EXERCISE OBJECTIVE → Among the entries below, which lines include the string "rpsi"? Show each one.

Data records

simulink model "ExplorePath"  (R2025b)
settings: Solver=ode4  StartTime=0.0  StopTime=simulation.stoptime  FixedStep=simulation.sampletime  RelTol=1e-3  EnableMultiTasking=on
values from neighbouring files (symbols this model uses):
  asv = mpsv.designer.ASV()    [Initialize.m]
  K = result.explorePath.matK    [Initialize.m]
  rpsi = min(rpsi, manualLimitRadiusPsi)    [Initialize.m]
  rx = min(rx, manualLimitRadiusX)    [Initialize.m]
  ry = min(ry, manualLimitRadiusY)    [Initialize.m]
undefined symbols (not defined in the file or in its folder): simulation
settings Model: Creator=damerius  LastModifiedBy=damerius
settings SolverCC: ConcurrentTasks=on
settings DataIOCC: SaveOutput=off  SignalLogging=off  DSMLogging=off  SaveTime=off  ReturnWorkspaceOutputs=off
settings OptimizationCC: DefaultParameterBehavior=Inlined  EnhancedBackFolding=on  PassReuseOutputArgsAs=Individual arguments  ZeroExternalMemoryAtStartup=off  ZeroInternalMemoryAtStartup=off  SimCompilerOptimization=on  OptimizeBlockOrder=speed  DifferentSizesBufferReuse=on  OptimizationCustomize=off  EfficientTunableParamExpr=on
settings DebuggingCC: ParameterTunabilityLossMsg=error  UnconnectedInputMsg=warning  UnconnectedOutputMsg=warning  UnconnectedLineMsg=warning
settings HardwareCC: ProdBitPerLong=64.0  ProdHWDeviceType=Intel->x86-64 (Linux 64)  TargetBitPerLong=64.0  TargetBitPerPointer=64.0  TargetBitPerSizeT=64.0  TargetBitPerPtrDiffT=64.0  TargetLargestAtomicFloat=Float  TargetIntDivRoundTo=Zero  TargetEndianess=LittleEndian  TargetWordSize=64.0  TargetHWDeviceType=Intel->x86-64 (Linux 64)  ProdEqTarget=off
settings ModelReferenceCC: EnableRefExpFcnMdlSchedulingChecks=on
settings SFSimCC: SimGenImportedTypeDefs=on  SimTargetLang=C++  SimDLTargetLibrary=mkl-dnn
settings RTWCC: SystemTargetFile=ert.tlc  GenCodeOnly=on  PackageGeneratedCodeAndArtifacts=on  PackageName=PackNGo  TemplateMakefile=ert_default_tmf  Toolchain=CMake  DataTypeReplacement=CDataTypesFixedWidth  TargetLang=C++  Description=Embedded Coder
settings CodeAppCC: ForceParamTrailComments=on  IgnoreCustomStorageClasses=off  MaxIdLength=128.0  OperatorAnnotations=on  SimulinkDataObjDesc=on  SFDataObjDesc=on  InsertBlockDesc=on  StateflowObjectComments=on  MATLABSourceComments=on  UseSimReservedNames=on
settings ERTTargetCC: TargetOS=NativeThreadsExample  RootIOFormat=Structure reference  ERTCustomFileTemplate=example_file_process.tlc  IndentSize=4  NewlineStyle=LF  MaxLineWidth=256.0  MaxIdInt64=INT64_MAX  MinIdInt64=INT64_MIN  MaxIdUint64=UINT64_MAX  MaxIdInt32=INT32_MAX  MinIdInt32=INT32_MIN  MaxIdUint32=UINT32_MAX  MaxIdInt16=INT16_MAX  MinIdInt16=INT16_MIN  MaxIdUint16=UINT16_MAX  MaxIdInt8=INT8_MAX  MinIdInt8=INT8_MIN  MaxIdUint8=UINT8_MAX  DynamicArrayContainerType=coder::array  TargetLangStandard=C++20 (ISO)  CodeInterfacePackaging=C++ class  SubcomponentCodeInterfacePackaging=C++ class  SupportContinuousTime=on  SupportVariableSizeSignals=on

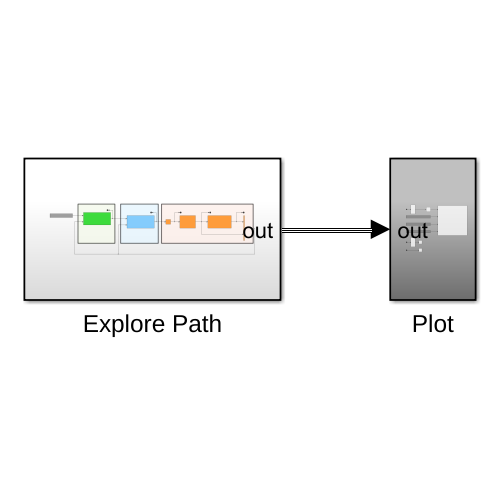
[thumbnail: Simulink's stored preview of the top-level diagram]
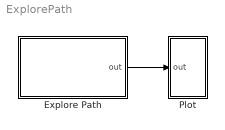
== system ExplorePath ==
  Explore Path : Subsystem
  Plot : Subsystem
  wires:
  Explore Path/1(out) -> Plot/1(out)

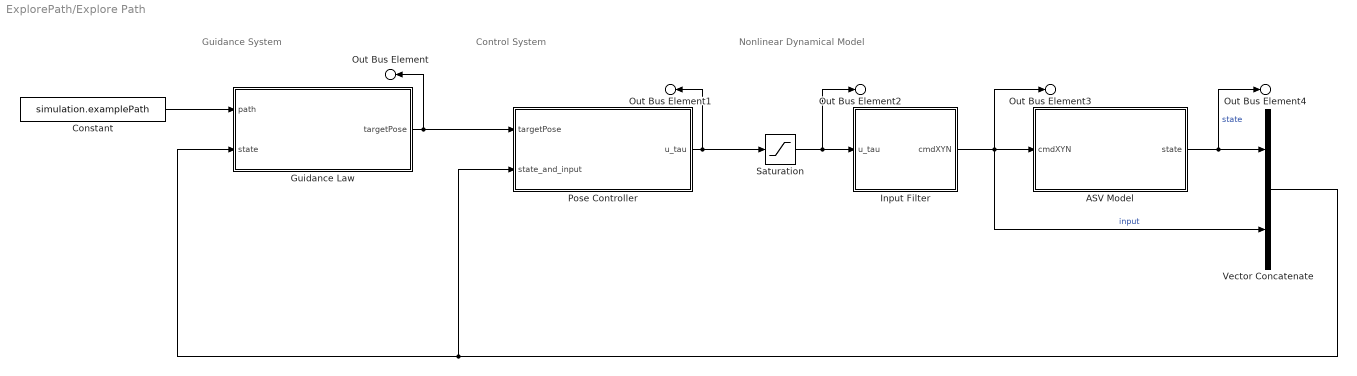
== system ExplorePath/Explore Path ==
  note: Nonlinear Dynamical Model
  note: Control System
  note: Guidance System
  ASV Model : Subsystem
  Constant : Constant  Value=simulation.examplePath
  Guidance Law : Subsystem
  Input Filter : Subsystem
  Pose Controller : Subsystem
  Saturation : Saturate  UpperLimit=asv.model.vecSatXYN  LowerLimit=-asv.model.vecSatXYN
  Vector Concatenate : Concatenate
  Out Bus Element : Outport  PortName=out  Element=targetPose
  Out Bus Element1 : Outport  PortName=out  Element=u_tau
  Out Bus Element2 : Outport  PortName=out  Element=u_tau_sat
  Out Bus Element3 : Outport  PortName=out  Element=cmdXYN
  Out Bus Element4 : Outport  PortName=out  Element=state
  wires:
  Saturation/1 -> Input Filter/1(u_tau), Out Bus Element2/1
  Input Filter/1(cmdXYN) -> Out Bus Element3/1, ASV Model/1(cmdXYN), Vector Concatenate/2  "input"
  Vector Concatenate/1 -> Guidance Law/2(state), Pose Controller/2(state_and_input)
  Constant/1 -> Guidance Law/1(path)
  ASV Model/1(state) -> Out Bus Element4/1, Vector Concatenate/1  "state"
  Guidance Law/1(targetPose) -> Out Bus Element/1, Pose Controller/1(targetPose)
  Pose Controller/1(u_tau) -> Out Bus Element1/1, Saturation/1

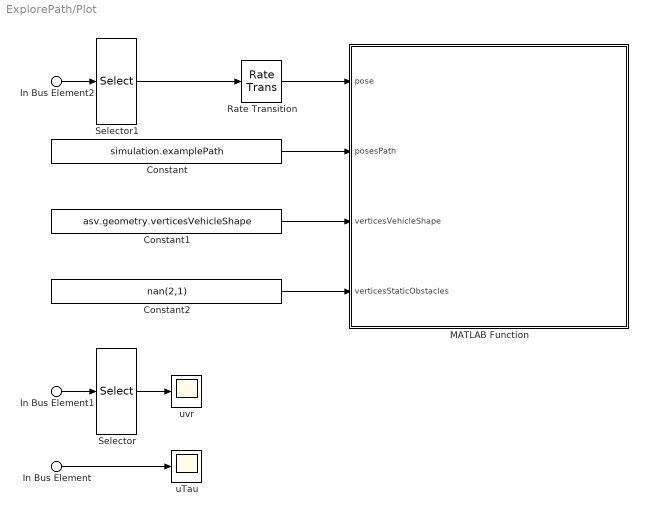
== system ExplorePath/Plot ==
  In Bus Element : Inport  PortName=out  Element=u_tau_sat
  In Bus Element1 : Inport  PortName=out  Element=state
  In Bus Element2 : Inport  PortName=out  Element=state
  Constant : Constant  Value=simulation.examplePath
  Constant1 : Constant  Value=asv.geometry.verticesVehicleShape
  Constant2 : Constant  Value=nan(2,1)
  MATLAB Function : MATLAB Function  TreatAsAtomicUnit=on
  Rate Transition : RateTransition  Deterministic=off  OutPortSampleTime=3
  Selector : Selector  InputPortWidth=9  IndexOptions=Index vector (dialog)  Indices=4:6  OutputSizes=1
  Selector1 : Selector  InputPortWidth=9  IndexOptions=Index vector (dialog)  Indices=1:3  OutputSizes=1
  uTau : Scope
      settings: ActiveDisplayYMinimum=-500  ActiveDisplayYMaximum=500
  uvr : Scope
      settings: ActiveDisplayYMinimum=-1.1985631038102735  ActiveDisplayYMaximum=1.45307497264896
  wires:
  In Bus Element/1 -> uTau/1
  In Bus Element1/1 -> Selector/1
  Selector/1 -> uvr/1
  In Bus Element2/1 -> Selector1/1
  Selector1/1 -> Rate Transition/1
  Rate Transition/1 -> MATLAB Function/1(pose)
  Constant/1 -> MATLAB Function/2(posesPath)
  Constant1/1 -> MATLAB Function/3(verticesVehicleShape)
  Constant2/1 -> MATLAB Function/4(verticesStaticObstacles)

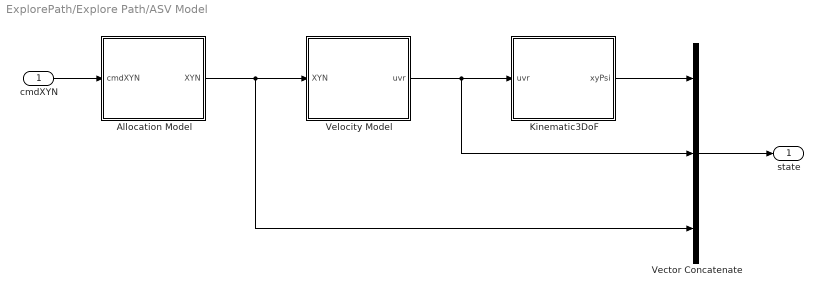
== system ExplorePath/Explore Path/ASV Model ==
  cmdXYN : Inport
  Allocation Model : Subsystem
  Kinematic3DoF : Subsystem
  Vector Concatenate : Concatenate  NumInputs=3
  Velocity Model : Subsystem
  state : Outport
  wires:
  Allocation Model/1(XYN) -> Velocity Model/1(XYN), Vector Concatenate/3
  Vector Concatenate/1 -> state/1
  Velocity Model/1(uvr) -> Vector Concatenate/2, Kinematic3DoF/1(uvr)
  Kinematic3DoF/1(xyPsi) -> Vector Concatenate/1
  cmdXYN/1 -> Allocation Model/1(cmdXYN)

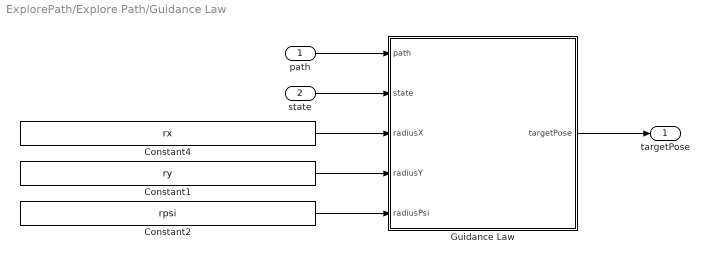
== system ExplorePath/Explore Path/Guidance Law ==
  path : Inport
  state : Inport  Port=2
  Constant1 : Constant  Value=ry
  Constant2 : Constant  Value=rpsi
  Constant4 : Constant  Value=rx
  Guidance Law : MATLAB Function  TreatAsAtomicUnit=on
  targetPose : Outport
  wires:
  path/1 -> Guidance Law/1(path)
  state/1 -> Guidance Law/2(state)
  Guidance Law/1(targetPose) -> targetPose/1
  Constant4/1 -> Guidance Law/3(radiusX)
  Constant1/1 -> Guidance Law/4(radiusY)
  Constant2/1 -> Guidance Law/5(radiusPsi)

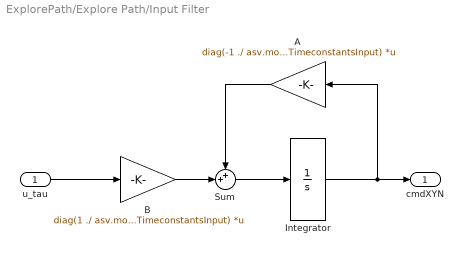
== system ExplorePath/Explore Path/Input Filter ==
  u_tau : Inport
  A : Gain  Gain=diag(-1 ./ asv.model.vecTimeconstantsInput)  Multiplication=Matrix(K*u)
  B : Gain  Gain=diag(1 ./ asv.model.vecTimeconstantsInput)  Multiplication=Matrix(K*u)
  Integrator : Integrator  InitialCondition=[0;0;0]
  Sum : Sum  Inputs=++|
  cmdXYN : Outport
  wires:
  A/1 -> Sum/1
  Integrator/1 -> A/1, cmdXYN/1
  u_tau/1 -> B/1
  Sum/1 -> Integrator/1
  B/1 -> Sum/2

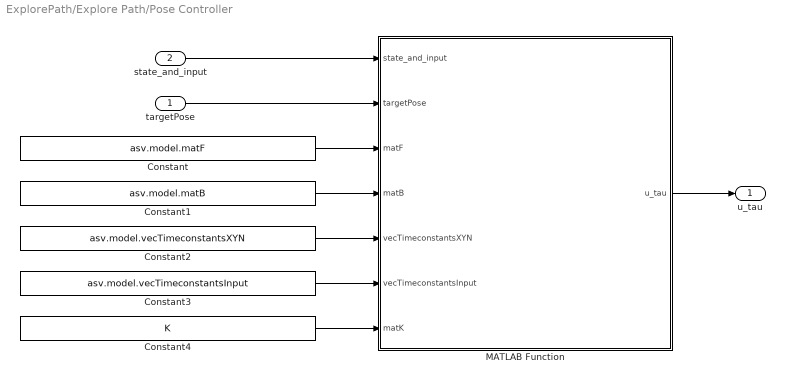
== system ExplorePath/Explore Path/Pose Controller ==
  targetPose : Inport
  state_and_input : Inport  Port=2
  Constant : Constant  Value=asv.model.matF
  Constant1 : Constant  Value=asv.model.matB
  Constant2 : Constant  Value=asv.model.vecTimeconstantsXYN
  Constant3 : Constant  Value=asv.model.vecTimeconstantsInput
  Constant4 : Constant  Value=K
  MATLAB Function : MATLAB Function  TreatAsAtomicUnit=on
  u_tau : Outport
  wires:
  Constant3/1 -> MATLAB Function/6(vecTimeconstantsInput)
  Constant2/1 -> MATLAB Function/5(vecTimeconstantsXYN)
  Constant/1 -> MATLAB Function/3(matF)
  Constant4/1 -> MATLAB Function/7(matK)
  state_and_input/1 -> MATLAB Function/1(state_and_input)
  Constant1/1 -> MATLAB Function/4(matB)
  MATLAB Function/1(u_tau) -> u_tau/1
  targetPose/1 -> MATLAB Function/2(targetPose)

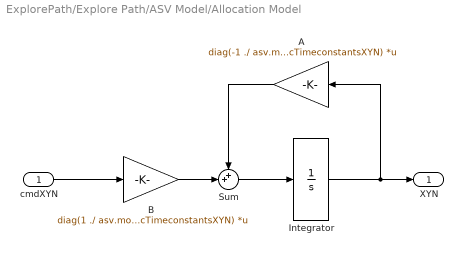
== system ExplorePath/Explore Path/ASV Model/Allocation Model ==
  cmdXYN : Inport
  A : Gain  Gain=diag(-1 ./ asv.model.vecTimeconstantsXYN)  Multiplication=Matrix(K*u)
  B : Gain  Gain=diag(1 ./ asv.model.vecTimeconstantsXYN)  Multiplication=Matrix(K*u)
  Integrator : Integrator  InitialCondition=[0;0;0]
  Sum : Sum  Inputs=++|
  XYN : Outport
  wires:
  B/1 -> Sum/2
  Sum/1 -> Integrator/1
  cmdXYN/1 -> B/1
  Integrator/1 -> XYN/1, A/1
  A/1 -> Sum/1

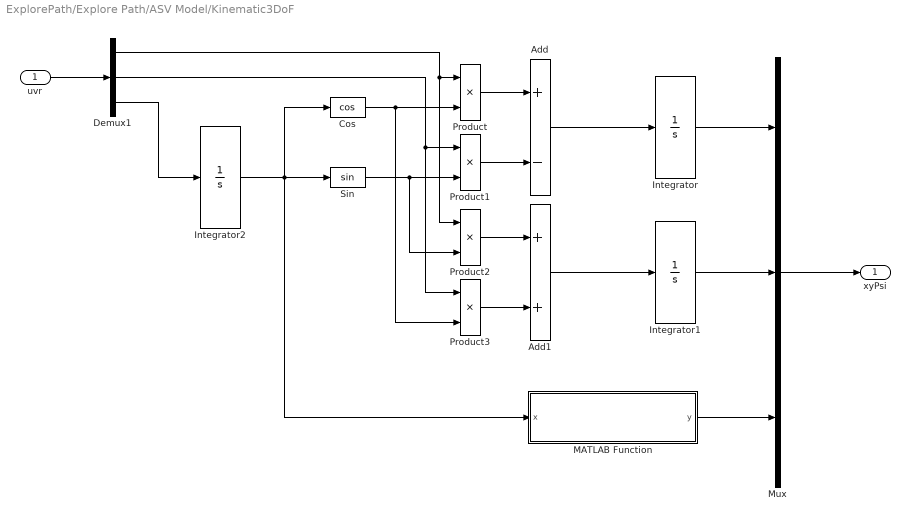
== system ExplorePath/Explore Path/ASV Model/Kinematic3DoF ==
  uvr : Inport  OutDataTypeStr=double  PortDimensions=3
  Add : Sum  Inputs=+-
  Add1 : Sum
  Cos : Trigonometry  Operator=cos
  Demux1 : Demux  Outputs=3
  Integrator : Integrator
  Integrator1 : Integrator
  Integrator2 : Integrator
  MATLAB Function : MATLAB Function  TreatAsAtomicUnit=on
  Mux : Mux  Inputs=3
  Product{,1..3} (4 alike) : Product
  Sin : Trigonometry
  xyPsi : Outport  OutDataTypeStr=double  PortDimensions=3
  wires:
  Mux/1 -> xyPsi/1
  MATLAB Function/1(y) -> Mux/3
  Integrator/1 -> Mux/1
  Integrator1/1 -> Mux/2
  Demux1/3 -> Integrator2/1
  uvr/1 -> Demux1/1
  Add1/1 -> Integrator1/1
  Demux1/1 -> Product/1, Product2/1
  Product/1 -> Add/1
  Add/1 -> Integrator/1
  Product1/1 -> Add/2
  Product3/1 -> Add1/2
  Cos/1 -> Product3/2, Product/2
  Integrator2/1 -> Sin/1, Cos/1, MATLAB Function/1(x)
  Demux1/2 -> Product1/1, Product3/1
  Sin/1 -> Product2/2, Product1/2
  Product2/1 -> Add1/1

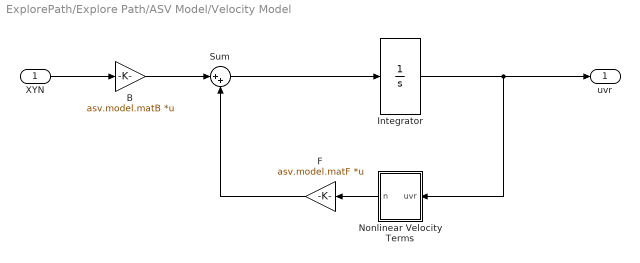
== system ExplorePath/Explore Path/ASV Model/Velocity Model ==
  XYN : Inport
  B : Gain  Gain=asv.model.matB  Multiplication=Matrix(K*u)
  F : Gain  Gain=asv.model.matF  Multiplication=Matrix(K*u)
  Integrator : Integrator  InitialCondition=[0;0;0]
  Nonlinear Velocity Terms : Subsystem
  Sum : Sum  Inputs=|++
  uvr : Outport
  wires:
  F/1 -> Sum/2
  Integrator/1 -> Nonlinear Velocity Terms/1(uvr), uvr/1
  XYN/1 -> B/1
  B/1 -> Sum/1
  Sum/1 -> Integrator/1
  Nonlinear Velocity Terms/1(n) -> F/1

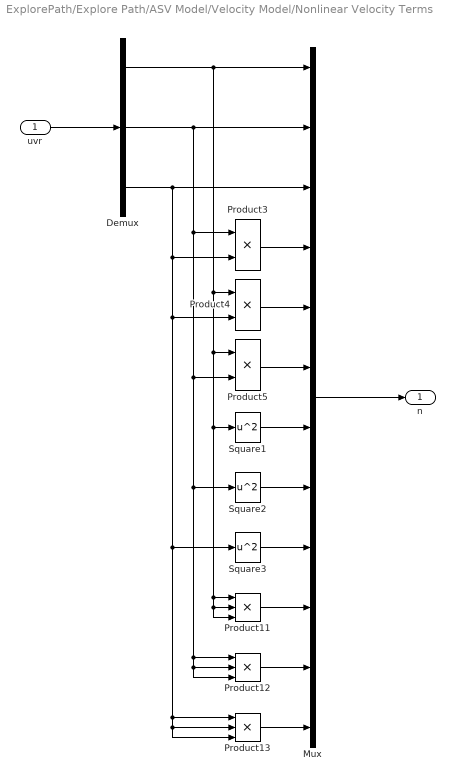
== system ExplorePath/Explore Path/ASV Model/Velocity Model/Nonlinear Velocity Terms ==
  uvr : Inport
  Demux : Demux  Outputs=3
  Mux : Mux  Inputs=12
  Product11 : Product  Inputs=3
  Product12 : Product  Inputs=3
  Product13 : Product  Inputs=3
  Product3 : Product
  Product4 : Product
  Product5 : Product
  Square1 : Math  Operator=square
  Square2 : Math  Operator=square
  Square3 : Math  Operator=square
  n : Outport
  wires:
  uvr/1 -> Demux/1
  Product13/1 -> Mux/12
  Product12/1 -> Mux/11
  Product11/1 -> Mux/10
  Square1/1 -> Mux/7
  Product5/1 -> Mux/6
  Product4/1 -> Mux/5
  Product3/1 -> Mux/4
  Demux/2 -> Product3/1, Product5/2, Square2/1, Product12/1, Product12/3, Product12/2, Mux/2
  Demux/3 -> Product3/2, Product4/2, Square3/1, Product13/1, Product13/3, Product13/2, Mux/3
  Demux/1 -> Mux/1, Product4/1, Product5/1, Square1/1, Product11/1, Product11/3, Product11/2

EXERCISE RESPONSE →
  rpsi = min(rpsi, manualLimitRadiusPsi)    [Initialize.m]
  Constant2 : Constant  Value=rpsi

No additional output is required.